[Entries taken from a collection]
■ ■ ■

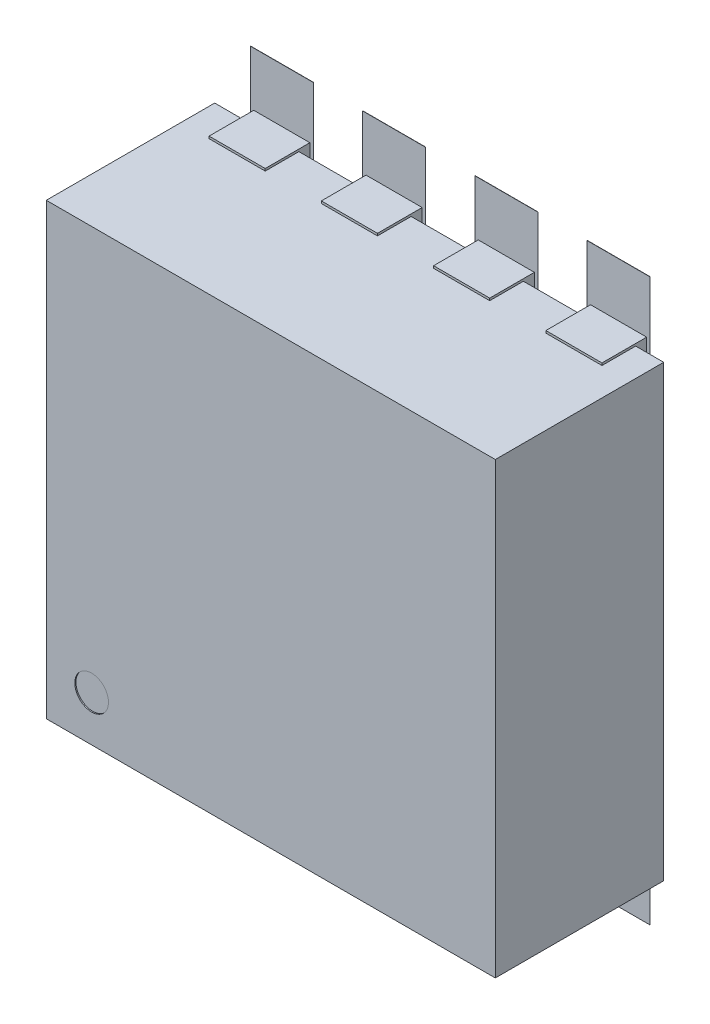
ISO-10303-21;
HEADER;
FILE_DESCRIPTION(('STEP AP214'),'2;1');
FILE_NAME('part.step','',(''),(''),'','','');
FILE_SCHEMA(('AUTOMOTIVE_DESIGN { 1 0 10303 214 1 1 1 1 }'));
ENDSEC;
DATA;
#1=APPLICATION_CONTEXT('core data for automotive mechanical design processes');
#2=APPLICATION_PROTOCOL_DEFINITION('international standard','automotive_design',2000,#1);
#3=PRODUCT_CONTEXT('',#1,'mechanical');
#4=PRODUCT('Part','Part','',(#3));
#5=PRODUCT_RELATED_PRODUCT_CATEGORY('part','',(#4));
#6=PRODUCT_DEFINITION_FORMATION('','',#4);
#7=PRODUCT_DEFINITION_CONTEXT('part definition',#1,'design');
#8=PRODUCT_DEFINITION('design','',#6,#7);
#9=PRODUCT_DEFINITION_SHAPE('','',#8);
#10=(LENGTH_UNIT() NAMED_UNIT(*) SI_UNIT(.MILLI.,.METRE.));
#11=(NAMED_UNIT(*) PLANE_ANGLE_UNIT() SI_UNIT($,.RADIAN.));
#12=(NAMED_UNIT(*) SI_UNIT($,.STERADIAN.) SOLID_ANGLE_UNIT());
#13=UNCERTAINTY_MEASURE_WITH_UNIT(LENGTH_MEASURE(1.E-05),#10,'distance_accuracy_value','');
#14=(GEOMETRIC_REPRESENTATION_CONTEXT(3) GLOBAL_UNCERTAINTY_ASSIGNED_CONTEXT((#13)) GLOBAL_UNIT_ASSIGNED_CONTEXT((#10,
#11,#12)) REPRESENTATION_CONTEXT('',''));
#15=CARTESIAN_POINT('',(0.,0.,0.));
#16=DIRECTION('',(0.,0.,1.));
#17=DIRECTION('',(1.,0.,0.));
#18=AXIS2_PLACEMENT_3D('',#15,#16,#17);
#19=CARTESIAN_POINT('',(0.,0.,0.0762));
#20=DIRECTION('',(0.,0.,1.));
#21=DIRECTION('',(1.,0.,0.));
#22=AXIS2_PLACEMENT_3D('',#19,#20,#21);
#23=PLANE('',#22);
#24=DIRECTION('',(1.,0.,0.));
#25=VECTOR('',#24,1.);
#26=CARTESIAN_POINT('',(0.6100064,0.3999992,0.0762));
#27=LINE('',#26,#25);
#28=CARTESIAN_POINT('',(0.6100064,0.3999992,0.0762));
#29=VERTEX_POINT('',#28);
#30=CARTESIAN_POINT('',(0.8899906,0.3999992,0.0762));
#31=VERTEX_POINT('',#30);
#32=EDGE_CURVE('E544',#29,#31,#27,.T.);
#33=ORIENTED_EDGE('',*,*,#32,.F.);
#34=DIRECTION('',(0.,1.,0.));
#35=VECTOR('',#34,1.);
#36=CARTESIAN_POINT('',(0.6100064,1.2500102,0.0762));
#37=LINE('',#36,#35);
#38=CARTESIAN_POINT('',(0.6100064,1.2500102,0.0762));
#39=VERTEX_POINT('',#38);
#40=EDGE_CURVE('E541',#39,#29,#37,.F.);
#41=ORIENTED_EDGE('',*,*,#40,.F.);
#42=DIRECTION('',(1.,0.,0.));
#43=VECTOR('',#42,1.);
#44=CARTESIAN_POINT('',(0.8899906,1.2500102,0.0762));
#45=LINE('',#44,#43);
#46=CARTESIAN_POINT('',(0.8899906,1.2500102,0.0762));
#47=VERTEX_POINT('',#46);
#48=EDGE_CURVE('E690',#47,#39,#45,.F.);
#49=ORIENTED_EDGE('',*,*,#48,.F.);
#50=DIRECTION('',(0.,1.,0.));
#51=VECTOR('',#50,1.);
#52=CARTESIAN_POINT('',(0.8899906,0.3999992,0.0762));
#53=LINE('',#52,#51);
#54=EDGE_CURVE('E567',#31,#47,#53,.T.);
#55=ORIENTED_EDGE('',*,*,#54,.F.);
#56=EDGE_LOOP('',(#33,#41,#49,#55));
#57=FACE_BOUND('',#56,.T.);
#58=ADVANCED_FACE('F16',(#57),#23,.F.);
#59=CARTESIAN_POINT('',(0.,0.,0.0762));
#60=DIRECTION('',(0.,0.,1.));
#61=DIRECTION('',(1.,0.,0.));
#62=AXIS2_PLACEMENT_3D('',#59,#60,#61);
#63=PLANE('',#62);
#64=DIRECTION('',(1.,0.,0.));
#65=VECTOR('',#64,1.);
#66=CARTESIAN_POINT('',(0.3899916,1.2500102,0.0762));
#67=LINE('',#66,#65);
#68=CARTESIAN_POINT('',(0.3899916,1.2500102,0.0762));
#69=VERTEX_POINT('',#68);
#70=CARTESIAN_POINT('',(0.1100074,1.2500102,0.0762));
#71=VERTEX_POINT('',#70);
#72=EDGE_CURVE('E682',#69,#71,#67,.F.);
#73=ORIENTED_EDGE('',*,*,#72,.F.);
#74=DIRECTION('',(0.,1.,0.));
#75=VECTOR('',#74,1.);
#76=CARTESIAN_POINT('',(0.3899916,0.3999992,0.0762));
#77=LINE('',#76,#75);
#78=CARTESIAN_POINT('',(0.3899916,0.3999992,0.0762));
#79=VERTEX_POINT('',#78);
#80=EDGE_CURVE('E686',#79,#69,#77,.T.);
#81=ORIENTED_EDGE('',*,*,#80,.F.);
#82=DIRECTION('',(1.,0.,0.));
#83=VECTOR('',#82,1.);
#84=CARTESIAN_POINT('',(0.1100074,0.3999992,0.0762));
#85=LINE('',#84,#83);
#86=CARTESIAN_POINT('',(0.1100074,0.3999992,0.0762));
#87=VERTEX_POINT('',#86);
#88=EDGE_CURVE('E674',#87,#79,#85,.T.);
#89=ORIENTED_EDGE('',*,*,#88,.F.);
#90=DIRECTION('',(0.,1.,0.));
#91=VECTOR('',#90,1.);
#92=CARTESIAN_POINT('',(0.1100074,1.2500102,0.0762));
#93=LINE('',#92,#91);
#94=EDGE_CURVE('E678',#71,#87,#93,.F.);
#95=ORIENTED_EDGE('',*,*,#94,.F.);
#96=EDGE_LOOP('',(#73,#81,#89,#95));
#97=FACE_BOUND('',#96,.T.);
#98=ADVANCED_FACE('F1623',(#97),#63,.F.);
#99=CARTESIAN_POINT('',(0.,0.,0.0762));
#100=DIRECTION('',(0.,0.,1.));
#101=DIRECTION('',(1.,0.,0.));
#102=AXIS2_PLACEMENT_3D('',#99,#100,#101);
#103=PLANE('',#102);
#104=DIRECTION('',(1.,0.,0.));
#105=VECTOR('',#104,1.);
#106=CARTESIAN_POINT('',(-0.1100074,1.2500102,0.0762));
#107=LINE('',#106,#105);
#108=CARTESIAN_POINT('',(-0.1100074,1.2500102,0.0762));
#109=VERTEX_POINT('',#108);
#110=CARTESIAN_POINT('',(-0.3899916,1.2500102,0.0762));
#111=VERTEX_POINT('',#110);
#112=EDGE_CURVE('E666',#109,#111,#107,.F.);
#113=ORIENTED_EDGE('',*,*,#112,.F.);
#114=DIRECTION('',(0.,1.,0.));
#115=VECTOR('',#114,1.);
#116=CARTESIAN_POINT('',(-0.1100074,0.3999992,0.0762));
#117=LINE('',#116,#115);
#118=CARTESIAN_POINT('',(-0.1100074,0.3999992,0.0762));
#119=VERTEX_POINT('',#118);
#120=EDGE_CURVE('E670',#119,#109,#117,.T.);
#121=ORIENTED_EDGE('',*,*,#120,.F.);
#122=DIRECTION('',(1.,0.,0.));
#123=VECTOR('',#122,1.);
#124=CARTESIAN_POINT('',(-0.3899916,0.3999992,0.0762));
#125=LINE('',#124,#123);
#126=CARTESIAN_POINT('',(-0.3899916,0.3999992,0.0762));
#127=VERTEX_POINT('',#126);
#128=EDGE_CURVE('E658',#127,#119,#125,.T.);
#129=ORIENTED_EDGE('',*,*,#128,.F.);
#130=DIRECTION('',(0.,1.,0.));
#131=VECTOR('',#130,1.);
#132=CARTESIAN_POINT('',(-0.3899916,1.2500102,0.0762));
#133=LINE('',#132,#131);
#134=EDGE_CURVE('E662',#111,#127,#133,.F.);
#135=ORIENTED_EDGE('',*,*,#134,.F.);
#136=EDGE_LOOP('',(#113,#121,#129,#135));
#137=FACE_BOUND('',#136,.T.);
#138=ADVANCED_FACE('F1620',(#137),#103,.F.);
#139=CARTESIAN_POINT('',(0.,0.,0.0762));
#140=DIRECTION('',(0.,0.,1.));
#141=DIRECTION('',(1.,0.,0.));
#142=AXIS2_PLACEMENT_3D('',#139,#140,#141);
#143=PLANE('',#142);
#144=DIRECTION('',(1.,0.,0.));
#145=VECTOR('',#144,1.);
#146=CARTESIAN_POINT('',(-0.6100064,1.2500102,0.0762));
#147=LINE('',#146,#145);
#148=CARTESIAN_POINT('',(-0.6100064,1.2500102,0.0762));
#149=VERTEX_POINT('',#148);
#150=CARTESIAN_POINT('',(-0.8899906,1.2500102,0.0762));
#151=VERTEX_POINT('',#150);
#152=EDGE_CURVE('E650',#149,#151,#147,.F.);
#153=ORIENTED_EDGE('',*,*,#152,.F.);
#154=DIRECTION('',(0.,1.,0.));
#155=VECTOR('',#154,1.);
#156=CARTESIAN_POINT('',(-0.6100064,0.3999992,0.0762));
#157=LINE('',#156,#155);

■ ■ ■

EXERCISE GOAL
Wherever a line in the entries above holds "mechanical", copy that line.

RESPONSE TO THE EXERCISE
#1=APPLICATION_CONTEXT('core data for automotive mechanical design processes');
#3=PRODUCT_CONTEXT('',#1,'mechanical');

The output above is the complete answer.